Duck Typing in Practice, Part 2

Today, I’ve got a handful of neat examples to share, each which demonstrates an interesting use of duck typing. We’ll start by looking a feature built into Ruby’s core, and then look at a few examples from other open source Ruby projects.

Type Coercion, Ruby-style

Many dynamically typed languages that offer both integer and floating point arithmetic are smart about doing the right thing based on whether or not any floats are used in a given expression. While I assume that you are already familiar with Ruby’s behavior, the following example demonstrates what I’ve just described.

>> 3/2
=> 1
>> 3/2.0
=> 1.5

This is an obvious candidate for implementation level special casing, but since all the primitive numeric types in Ruby are actually objects, Ruby prefers something a bit more flexible and consistent. What actually happens when an arithmetic operation is performed on a Ruby number is that a method called coerce() is called to do any necessary type modifications so that the computations work as expected. The irb session shown below demonstrates calling coerce() directly on both a Fixnum and a Float.

>> 3.coerce(2)
=> [2, 3]
>> 3.coerce(2.0)
=> [2.0, 3.0]
>> 3.0.coerce(3)
=> [3.0, 3.0]
>> 3.0.coerce(2.0)
=> [2.0, 3.0]

Note that Fixnum#coerce only returns an array of Float values when its argument is a Float, but that Float#coerce always does this conversion. While what is shown above only demonstrates how floating point coercion works, we can actually create our own objects that duck type to Ruby numbers by simply defining a coerce() method on them.

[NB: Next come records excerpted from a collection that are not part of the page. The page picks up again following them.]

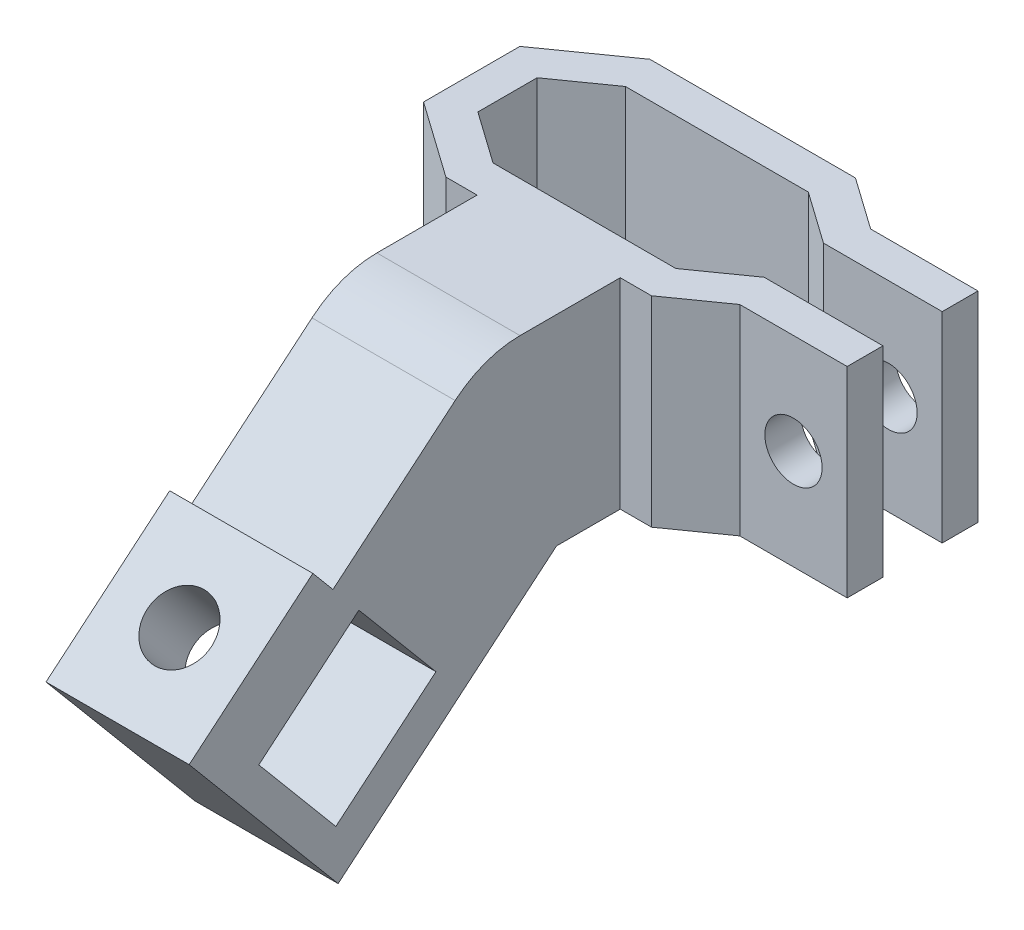
from build123d import *

# Parameters (mm, degrees)
BOSS_EXTRUDE1_DEPTH = 14.224
SKETCH2_W           = 10.16
SKETCH2_H           = 14.224
BOSS_EXTRUDE2_DEPTH = 7.112
SKETCH3_W           = 10.16
SKETCH3_H           = 7.112
REVOLVE2_ANGLE      = 180
CUT_EXTRUDE2_REACH  = 37.062
SKETCH5_R           = 2.032
BOSS_EXTRUDE4_DEPTH = 10.16
SKETCH8_R           = 2.286
CUT_EXTRUDE3_DEPTH  = 5.08


with BuildPart() as part:
    # Sketch1 → Boss-Extrude1 (new body)
    with BuildSketch(Plane(origin=(0, 0, 0), x_dir=(1, 0, 0), z_dir=(0, 1, 0))):
        Polygon((-6.487826296, -4.699), (6.487826296, -4.699), (10.16, -2.102598059), (18.587251519, -2.102598059), (18.587251519, -4.642598059), (10.967251519, -4.642598059), (7.295077814, -7.239), (-7.295077814, -7.239), (-12.7, -3.417462245), (-12.7, 3.417462245), (-7.295077814, 7.239), (7.295077814, 7.239), (10.967251519, 4.642598059), (18.587251519, 4.642598059), (18.587251519, 2.102598059), (10.16, 2.102598059), (6.487826296, 4.699), (-6.487826296, 4.699), (-10.16, 2.102598059), (-10.16, -2.102598059), align=None)
    extrude(amount=BOSS_EXTRUDE1_DEPTH)

    # Sketch2 → Boss-Extrude2 (add)
    with BuildSketch(Plane.XY.offset(7.239)):
        with Locations((0, 7.112)):
            Rectangle(SKETCH2_W, SKETCH2_H)
    extrude(amount=BOSS_EXTRUDE2_DEPTH)

    # Sketch3 → Revolve2 (revolve)
    with BuildSketch(Plane.XY.offset(14.351)):
        with Locations((0, 10.668)):
            Rectangle(SKETCH3_W, SKETCH3_H)
    revolve(axis=Axis((-5.08, 7.112, 14.351), (1, 0, 0)), revolution_arc=REVOLVE2_ANGLE)

    # Cut-Extrude2: up to this face of the body (flat: up to its plane)
    cut_extrude2_end = Plane(part.part.faces().sort_by_distance((14.777251519, 7.112, 4.642598059))[0])
    # Sketch5 → Cut-Extrude2 (cut, up to the picked face)
    with BuildSketch(Plane(origin=(0, 0, -4.642598059), x_dir=(-1, 0, 0), z_dir=(0, 0, -1)), mode=Mode.PRIVATE) as cut_extrude2_sk1:
        with Locations((-14.777251519, 7.112)):
            Circle(SKETCH5_R)
    cut_extrude2_tool1 = split(extrude(cut_extrude2_sk1.sketch, amount=-CUT_EXTRUDE2_REACH, mode=Mode.PRIVATE), bisect_by=cut_extrude2_end, keep=Keep.BOTH, mode=Mode.PRIVATE)
    add(cut_extrude2_tool1.solids().sort_by(Axis((14.777252, 7.112, -4.642598), (0, 0, 1)))[0], mode=Mode.SUBTRACT)

    # Sketch7 → Boss-Extrude4 (add)
    with BuildSketch(Plane(origin=(5.08, 0, 0), x_dir=(0, 0, -1), z_dir=(1, 0, 0))):
        Polygon((-27.259989759, -13.003831416), (-36.402849284, -2.10779573), (-37.831520464, -0.405171719), (-29.054109682, 6.959950431), (-27.625438502, 5.25732642), (-18.891073315, 12.586329027), (-9.748213789, 1.690293341), align=None)
        Polygon((-27.421266886, -9.409111436), (-32.890746657, -2.890839269), (-25.788748625, 3.06844466), (-20.319268854, -3.449827506), align=None, mode=Mode.SUBTRACT)
    extrude(amount=-BOSS_EXTRUDE4_DEPTH)

    # Sketch8 → Cut-Extrude3 (cut)
    with BuildSketch(Plane(origin=(0, 18.390622806, 15.431564813), x_dir=(1, 0, 0), z_dir=(0, 0.7660444431189808, 0.642787609686536))):
        with Locations(Location((0, -23.512017379, 0), (0, 0, 270))):
            Circle(SKETCH8_R)
    extrude(amount=-CUT_EXTRUDE3_DEPTH, mode=Mode.SUBTRACT)


solid = part.part

To demonstrate this, I have created a partial implementation of a BinaryInteger object. A BinaryInteger is meant to act similar to Ruby’s Fixnum objects but display itself to the user in binary notation. Here’s an example of how such an object might be used:

>> int = BinaryInteger.new(40)
=> 0b101000
>> 2 + int
=> 0b101010
>> 2.5 + int
TypeError: BinaryInteger can't be coerced into Float
	from ./binary_integer.rb:49:in `+'
	from (irb):4
	from :0

The following class definition does not quite produce a complete Numeric work-alike but it is sufficient for making the previous example work as shown. It also serves to demonstrate that coerce() is indeed the magic that ties all of Ruby’s arithmetic operations together.

class BinaryInteger
  def initialize(value)
    @value = value
  end

  attr_accessor :value

  def integer?
    true
  end

  def +(other)
    a,b = coerce(other) # use our own coerce here
    self.class.new(a.value + b.value)
  end

  def coerce(other)
    raise TypeError unless other.integer? 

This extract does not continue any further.